Wells's works have inspired countless sequels, ripostes, analyses and evaluations. David Haden includes an eleven-page bibliography of these works in his book, and this barely scratches the surface.

All of which, if you'll forgive me, is by way of avoiding the main issue, the novelette which the author generously credits to "David Haden & H. G. Wells." The novelette starts nicely enough:

"The Time Traveller returned to us at some unknown hour during those traditionally restful days between Boxing Day and New Year's Eve, at the end of the year 1905. He had been away for nearly six years."
You may recall that The Time Machine is set among a group of Victorian men, one of whom, identified only as "the Time Traveller," narrates his adventures in the future.
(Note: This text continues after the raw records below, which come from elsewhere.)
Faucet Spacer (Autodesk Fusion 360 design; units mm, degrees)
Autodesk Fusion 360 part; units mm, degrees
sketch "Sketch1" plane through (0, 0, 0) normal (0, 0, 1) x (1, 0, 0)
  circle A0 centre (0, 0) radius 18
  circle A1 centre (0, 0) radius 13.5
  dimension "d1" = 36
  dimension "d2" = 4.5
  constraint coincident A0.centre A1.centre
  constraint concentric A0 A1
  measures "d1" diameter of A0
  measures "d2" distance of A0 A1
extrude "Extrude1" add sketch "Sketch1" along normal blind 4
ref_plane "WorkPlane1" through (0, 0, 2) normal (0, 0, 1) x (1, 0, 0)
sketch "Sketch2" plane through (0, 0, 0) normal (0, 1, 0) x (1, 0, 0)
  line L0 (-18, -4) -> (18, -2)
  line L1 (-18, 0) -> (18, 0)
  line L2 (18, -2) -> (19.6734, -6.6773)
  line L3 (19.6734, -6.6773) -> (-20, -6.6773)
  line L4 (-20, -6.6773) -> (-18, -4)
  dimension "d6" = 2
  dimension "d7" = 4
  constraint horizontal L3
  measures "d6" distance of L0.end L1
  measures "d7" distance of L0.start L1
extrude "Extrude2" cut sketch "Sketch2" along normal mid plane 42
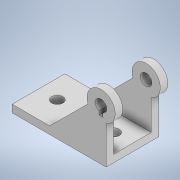
# Autodesk Inventor part: Top_Pulley_90
Saved by Autodesk Inventor 2020 (Build 240168000, 168)
## iProperties
Created: 2019-10-01
Part Number: Top_Pulley_90
Material: 일반
Document SubType Name: Modeling
Designer: Knowblesse
Density: 1 g/cm^3
Appearance: 기본값
Author: Knowblesse
## iProperties of the stored document _3D 인쇄.ipt
Created: 2019-10-01
Part Number: _3D 인쇄
Material: 일반
Document SubType Name: Modeling
Designer: Knowblesse
Density: 1 g/cm^3
Appearance: 기본값
Author: Knowblesse
Autodesk Inventor part; units mm, degrees
ref_plane "YZ Plane" through (0, 0, 0) normal (1, 0, 0) x (0, 1, 0)
ref_plane "XZ Plane" through (0, 0, 0) normal (0, 1, 0) x (-1, 0, 0)
ref_plane "XY Plane" through (0, 0, 0) normal (0, 0, 1) x (1, 0, 0)
sketch "스케치1" plane through (0, 0, 0) normal (0, 0, 1) x (1, 0, 0)
  line L0 (0, 0) -> (30, 30)
  line L1 (30, 30) -> (30, 0)
  line L2 (30, 0) -> (0, 0)
  circle A0 centre (27.3117, 22.9984) radius 7.5
  circle A1 centre (27.3117, 22.9984) radius 3.05
  point P0 (30, 15.9967)
  point P1 (20.3101, 20.3101)
  dimension "d2" = 15
  dimension "d0" = 30
  dimension "d1" = 30
  dimension "d3" = 6.1
  constraints: 6 end point, 1 centre point, 1 coincident, 1 perpendicular, 1 tangent, 1 vertical, 3 other
  measures "d0" distance of L0.end L1.end
  measures "d1" distance of L1.end L0.start
  measures "d3" diameter of A1
extrude "돌출1" add sketch "스케치1" along normal blind 4 contours L0 A0 L1 L2 | A0 L0 | L0 A1 L1 A0 | L0 L1 A1 | A0 L1 A1
sketch "스케치2" plane through (0, 0, 0) normal (0, -1, 0) x (1, 0, 0)
  line L0 (0, 0) -> (30, 0) projected
  line L1 (30, 0) -> (-20, 0)
  line L2 (-20, 0) -> (-20, 14)
  line L3 (-20, 14) -> (30, 14)
  line L4 (30, 14) -> (30, 0)
  dimension "d6" = 50
  dimension "d7" = 14
  constraints: 8 end point, 2 parallel, 1 horizontal, 1 perpendicular
  measures "d6" distance of L2.end L3.end
  measures "d7" distance between parallel lines of L3 L1
extrude "돌출2" add sketch "스케치2" along normal blind 4
mirror "미러1" about plane through (30, 0, 14) normal (0, 0, 1) of "돌출1", "돌출2"
sketch "스케치3" plane through (0, 0, 0) normal (0, 1, 0) x (1, 0, 0)
  line L0 (30, -4) -> (30, -24) construction
  line L1 (30, -14) -> (-20, -14) construction
  line L2 (-20, 0) -> (-20, -28) construction
  point P0 (0, 0)
  point P1 (-10, -14)
  point P2 (20, -14)
  dimension "d10" = 10
  dimension "d11" = 10
  constraints: 2 end point, 2 midpoint, 2 point on line
  measures "d10" distance from line of point (20, -14) L0
  measures "d11" distance from line of L2 point (-10, -14)
hole "구멍1" at (-10, 0, 14) at (20, 0, 14) direction (0, -1, 0) diameter 6 end through all
sketch "스케치4" plane through (-20, 0, 28) normal (0, 0, 1) x (1, 0, 0)
  circle A0 centre (47.3117, 22.9984) radius 3.05 projected
  line L0 (46.3117, 20.1984) -> (48.3117, 20.1984)
  line L1 (48.3117, 20.1984) -> (48.3117, 18.1984)
  line L2 (48.3117, 18.1984) -> (46.3117, 18.1984)
  line L3 (46.3117, 18.1984) -> (46.3117, 20.1984)
  point P0 (20, 0)
  point P1 (47.3117, 20.1984)
  point P2 (48.3117, 20.1169)
  point P3 (46.3117, 20.1169)
  dimension "d19" = 2
  dimension "d20" = 2
  dimension "d21" = 2.8
  constraints: 8 end point, 2 parallel, 1 horizontal, 1 midpoint, 1 perpendicular, 1 vertical alignment
  measures "d19" distance of L1.end L2.end
  measures "d20" distance of L0.end L1.end
  measures "d21" distance of A0.centre point (47.312, 20.198)
extrude "돌출3" cut sketch "스케치4" against normal blind 4 contours A0 L1 L2 L3

Morlocks, Eloi, the almost angelic Weena, the decadent, childlike, luxurious life of the privileged class, the shocking revolt of the brutalized workers -- truly, one of the seminal works of science fiction, as valid today as it was in 1895.

In Haden's sequel, the Time Traveller returns to the future in search of his lost love. Alas, while Haden is unquestionably a credible Wells scholar, he isn't much of a storyteller. Once the protagonist completes his trip back to the future, we are treated to an interlude of some forty pages in which, to put it bluntly, nothing happens. He looks at the landscape, he walks around and looks at the landscape some more. He encounters odd little creatures that may or may not be humans of an extremely degraded sort. He looks at some ruins. Or at least I think he does. I'm afraid that my powers of concentration were flagging by this time. Fortunately, by this time there were only twenty pages left in the novelette.

Eventually he finds his Weena. Alas, she's trapped in a walled city and the Time Traveller is outside the wall, so they walk around the perimeter of the city, one inside the wall and one outside, keeping in sync by singing to each other. Leastwise I think that's what they did. My eyes kept going out of focus as I tried to stay attentive to this narrative.

Eventually they find an opening in the wall and are happily reunited. Then the Time Traveller goes back to 1905. I don't remember what happened to Weena. By this time, I didn't care.

I'm sorry, my friends. This book isn't worth the time it takes to read it. There. I've done you a favor. You can spend the next hour or two watching paint dry instead of slogging through The Time Machine: A Sequel.

Copyright © 2011 Richard A. Lupoff

Richard A. Lupoff is a novelist, short-story writer, critic, and sometime academic. His most recent books are Visions (currently in production by Mythos Books) and Quintet: The Cases of Chase and Delacroix (Crippen & Landru). He is also the Editorial Director of Surinam Turtle Press, an imprint of Ramble House.